Behind the long days on set he quietly started writing. In 1988 he began a routine of early mornings and late nights, turning out novel after novel while he tried to find a voice that felt like his own. By the time a publisher finally said yes, he had collected dozens of rejection letters and a clear sense of what kind of stories he wanted to tell.
That yes was for The Eyre Affair, published in 2001. The book introduced Thursday Next, a literary detective in an alternate 1980s Britain where classic novels can be broken into, characters can be kidnapped, and debates about Shakespeare authorship can turn violent. Readers responded to the mix of crime story, science fiction, and bookish in‑jokes, and Thursday quickly returned in a run of sequels.
Those Thursday Next novels, which include Lost in a Good Book, The Well of Lost Plots and Something Rotten, built him a wide audience and picked up a major prize for comic fiction along the way. They also set the pattern for the rest of his career: big, idea‑heavy worlds delivered with brisk plots, throwaway gags, and a lot of affection for readers who like to chase references.
Fforde has never stayed in one lane for long. The Nursery Crime books follow Jack Spratt and Mary Mary as they police crimes involving nursery‑rhyme and fairy‑tale characters in a slightly skewed version of England. The Chronicles of Kazam, beginning with The Last Dragonslayer, switch to young adult fantasy, with teenager Jennifer Strange trying to keep a failing magic‑employment agency afloat while dragons, corporations, and ancient prophecies close in. With Shades of Grey and its sequel Red Side Story, he builds a full‑blown dystopia where your ability to see colour fixes your place in a rigid, rule‑bound society.
His standalones push the same playful ideas into different corners of speculative fiction. Early Riser imagines a world locked in a permanent Ice Age, where most people hibernate and a small group of Winter Consuls stay awake to keep them safe. The Constant Rabbit takes the sudden appearance of human‑sized, talking rabbits and turns it into a sharp, sometimes uncomfortable story about prejudice, bureaucracy, and the stories countries tell about themselves.
Across all these books you can feel the things that fascinate him: how we read, what we choose to keep in our cultural memory, and the strange rules that grow up around power. His pages are full of wordplay, footnotes, jokes about genre, and background details that reward a second or third look, but the heart of each story is usually a working person trying to do the right thing inside a wildly complicated system.
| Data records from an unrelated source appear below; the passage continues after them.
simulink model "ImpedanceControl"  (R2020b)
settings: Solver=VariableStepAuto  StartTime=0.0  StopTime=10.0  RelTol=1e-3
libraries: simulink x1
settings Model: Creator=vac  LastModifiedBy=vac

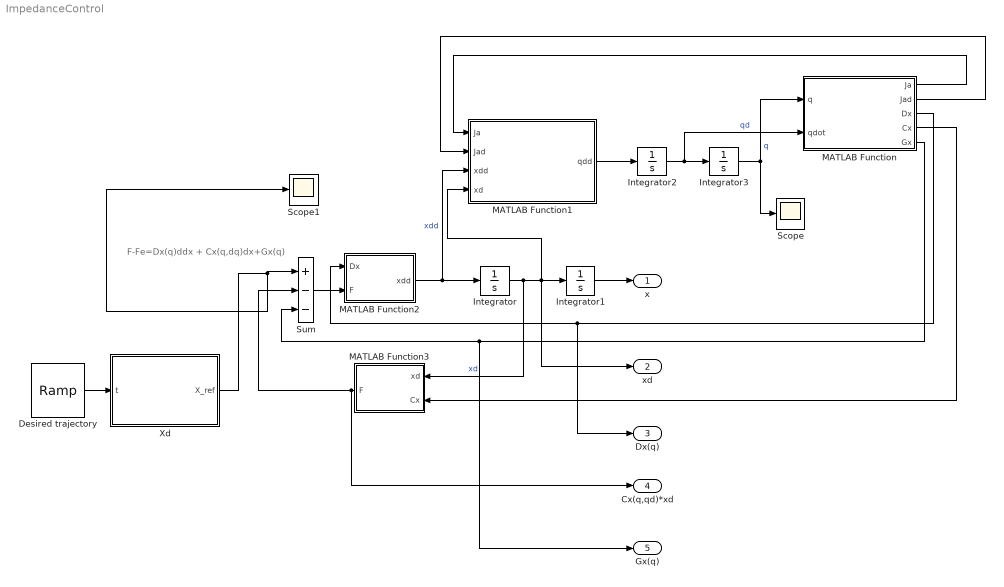
== system ImpedanceControl ==
  note: F-Fe=Dx(q)ddx + Cx(q,dq)dx+Gx(q)
  Desired trajectory : simulink/Sources/Ramp  slope=0.1  start=0  InitialOutput=0
  Integrator : Integrator  InitialCondition=[0;0;0]
  Integrator1 : Integrator  InitialCondition=[0 0 0]'
  Integrator2 : Integrator  InitialCondition=[0 0 0]'
  Integrator3 : Integrator  InitialCondition=[0.1 0.1 0.1]'
  MATLAB Function : MATLAB Function  TreatAsAtomicUnit=on
  MATLAB Function1 : MATLAB Function  TreatAsAtomicUnit=on
  MATLAB Function2 : MATLAB Function  TreatAsAtomicUnit=on
  MATLAB Function3 : MATLAB Function  TreatAsAtomicUnit=on
  Scope : Scope
  Scope1 : Scope
  Sum : Sum  Inputs=+--
  Xd : MATLAB Function  TreatAsAtomicUnit=on
  x : Outport
  xd : Outport  Port=2
  Dx(q) : Outport  Port=3
  Cx(q,qd)*xd : Outport  Port=4
  Gx(q) : Outport  Port=5
  wires:
  MATLAB Function2/1(xdd) -> MATLAB Function1/3(xdd), Integrator/1  "xdd"
  Integrator/1 -> MATLAB Function3/1(xd), xd/1, MATLAB Function1/4(xd), Integrator1/1  "xd"
  Integrator1/1 -> x/1
  MATLAB Function1/1(qdd) -> Integrator2/1
  Integrator2/1 -> MATLAB Function/2(qdot), Integrator3/1  "qd"
  Integrator3/1 -> MATLAB Function/1(q), Scope/1  "q"
  MATLAB Function/1(Ja) -> MATLAB Function1/1(Ja)
  MATLAB Function/2(Jad) -> MATLAB Function1/2(Jad)
  MATLAB Function/3(Dx) -> Dx(q)/1, MATLAB Function2/1(Dx)
  MATLAB Function/4(Cx) -> MATLAB Function3/2(Cx)
  Xd/1(X_ref) -> Sum/1, Scope1/1
  MATLAB Function/5(Gx) -> Gx(q)/1, Sum/3
  Sum/1 -> MATLAB Function2/2(F)
  MATLAB Function3/1(F) -> Cx(q,qd)*xd/1, Sum/2
  Desired trajectory/1 -> Xd/1(t)

== matlab function ImpedanceControl/MATLAB Function1 ==
  data: Ja input; Jad input; xdd input; qdd output; xd input
function qdd = qdoubledot(Ja,Jad,xdd,xd)
qdd = Ja\xdd - inv(Ja)*Jad*inv(Ja)*xd;

== matlab function ImpedanceControl/MATLAB Function ==
  data: Ja output; Jad output; q input; Dx output; Cx output; Gx output; qdot input
function [Ja,Jad,Dx,Cx,Gx] = jacobian_cal(q, qdot)
    q1 = q(1);
    q2 = q(2);
    q3 = q(3);
    qd1 = qdot(1);
    qd2 = qdot(2);
    qd3 = qdot(3);

    % Parameters
    m1 = 3.92; %kg
    m2 = 2.16;
    m3 = 1;

    % link length

    l1 = 0.4; % meter
    l2 = 0.3;
    l3 = 0.2;
    
    g = 9.8;
    % inertia tensor
    Ic1xx = 0.0587; % kg*meter^2
    Ic1yy = 0.0128;
    Ic1zz = 0.0587;

    Ic2xx = 0.0052;
    Ic2yy = 0.0188;
    Ic2zz = 0.0188;

    Ic3xx = 0.0016;
    Ic3yy = 0.0042;
    Ic3zz = 0.0042;


    % Dq
    q23 = q2+q3;
    d11 = Ic1yy + m2*l2^2*cos(q2)^2/4 + Ic2xx*sin(q2)^2 + ...
          Ic2yy*cos(q2)^2 + m3*l2^2*cos(q2)^2 + m3*l3^2*cos(q23)^2/4 + ...
          m3*l2*l3*cos(q2)*cos(q23)+ Ic3xx*sin(q23)^2 + Ic3yy*cos(q23)^2;

    d22 = m2*l2^2/4 + Ic2zz + m3*l2^2 +...
          m3*l3^2/4 + m3*l2*l3*cos(q3) + Ic3zz;
    d23 = m3*l3^2/4 + m3*l2*l3*cos(q3)/2 + Ic3zz;
    d33 = m3*l3^2/4 + Ic3zz;
    Dq  = [d11,   0,   0;
           0,   d22, d23;
           0,   d23, d33];

    % Cq
    h1 = sin(q2+q2)*(-m2*l2^2/4 + Ic2xx -Ic2yy - m3*l2^2) + ...
         sin(q2*2+q3*2)*(-m3*l3^2/4 + Ic3xx - Ic3yy) - sin(q2+q2+q3)*m3*l2*l3;
    h2 = sin(q2*2+q3*2)*(-m3*l3^2/4 + Ic3xx - Ic3yy) - cos(q2)*sin(q23)*m3*l2*l3;
    h3 = -sin(q3)*m3*l2*l3;
    Cq = 0.5*[h1*qd2 + h2*qd3,  h1*qd1, h2*qd1;
                     - h1*qd1,  h3*qd3, h3*qd2 + h3*qd3;
                     - h2*qd1, -h3*qd2, 0];
    % Gq
    Gq = [ 0;
          -m2*g*l2*cos(q2)/2 - m3*g*l2*cos(q2) - m3*g*l3*cos(q23)/2;
          -m3*g*l3*cos(q23)/2];

    % Analytical Jacobian
    j11 = -l2*sin(q1)*cos(q2)-l3*sin(q1)*cos(q23);
    j12 = -l2*cos(q1)*sin(q2)-l3*cos(q1)*sin(q2+q3);
    j13 = -l3*cos(q1)*sin(q23);
    j21 = l2*cos(q1)*cos(q2)+l3*cos(q1)*cos(q23);
    j22 = -l2*sin(q1)*sin(q2)-l3*sin(q1)*cos(q23);
    j23 = -l3*sin(q1)*sin(q23);
    j31 = 0;
    j32 = -l2*cos(q2)-l3*cos(q23);
    j33 = -3*cos(q23);
    Ja = [j11, j12, j13;
          j21, j22, j23;
          j31, j32, j33];

    % Analytical jacobian dot
    jd11 = -l2*cos(q1)*cos(q2)*qd1   + l2*sin(q1)*sin(q2)*qd2 ...
           - l3*cos(q1)*cos(q23)*qd1 + l3*sin(q1)*sin(q23)*(qd2+qd3);
    jd12 = l2*sin(q1)*sin(q2)*qd1    - l2*cos(q1)*cos(q2)*qd2...
           + l3*sin(q1)*sin(q23)*qd1 - l3*cos(q1)*cos(q23)*(qd2+qd3);
    jd13 = l3*sin(q1)*sin(q23)*qd1   - l3*cos(q1)*cos(q23)*(qd2+qd3);
    jd21 = - l2*sin(q1)*cos(q2)*qd1  - l2*cos(q1)*sin(q2)*qd2...
           - l3*sin(q1)*cos(q23)*qd1 - l3*cos(q1)*sin(q23)*(qd2+qd3);
    jd22 = -l2*cos(q1)*sin(q2)*qd1   - l2*sin(q1)*cos(q2)*qd2...
           - l3*cos(q1)*sin(q23)*qd1 - l3*sin(q1)*cos(q23)*(qd2+qd3);
    jd23 = -l3*cos(q1)*sin(q23)*qd1  - l3*sin(q1)*cos(q23)*(qd2+qd3);
    jd31 = 0;
    jd32 = l2*sin(q2)*qd2 + l3*sin(q23)*(qd2+qd3);
    jd33 = l3*sin(q23)*(qd2+qd3);
    Jad  = [ jd11, jd12, jd13;
             jd21, jd22, jd23;
             jd31, jd32, jd33];
    % inverse transpose     
    Jait = inv(Ja)';
    Dx = Jait*Dq/Ja;
    Cx = Jait*(Cq - Dq/Ja*Jad)/Ja;
    Gx = Jait*Gq;

== matlab function ImpedanceControl/MATLAB Function2 ==
  data: Dx input; xdd output; F input
function xdd = fcn(Dx,F)
xdd = Dx\F;

== matlab function ImpedanceControl/MATLAB Function3 ==
  data: xd input; F output; Cx input
function F = fcn(xd,Cx)

F=Cx*xd;

== matlab function ImpedanceControl/Xd ==
  data: t input; X_ref output
function X_ref  = fcn(t)

x_ref = 0.1 + 0.05 * t;% + 0.1*sin(7*t);
y_ref = 0.3 - 0.05*t;
z_ref = 0.5 + 0.05*t;

X_ref = [x_ref,y_ref,z_ref]';

Fforde now lives and works in Wales, a country he has cheerfully adopted as home. When he is not writing he spends time with photography, aviation, and a lively community of readers who follow him from festivals to the wonderfully odd fan gathering that bears his name. He still treats each new book as a chance to twist reality a few degrees and invite readers to play along.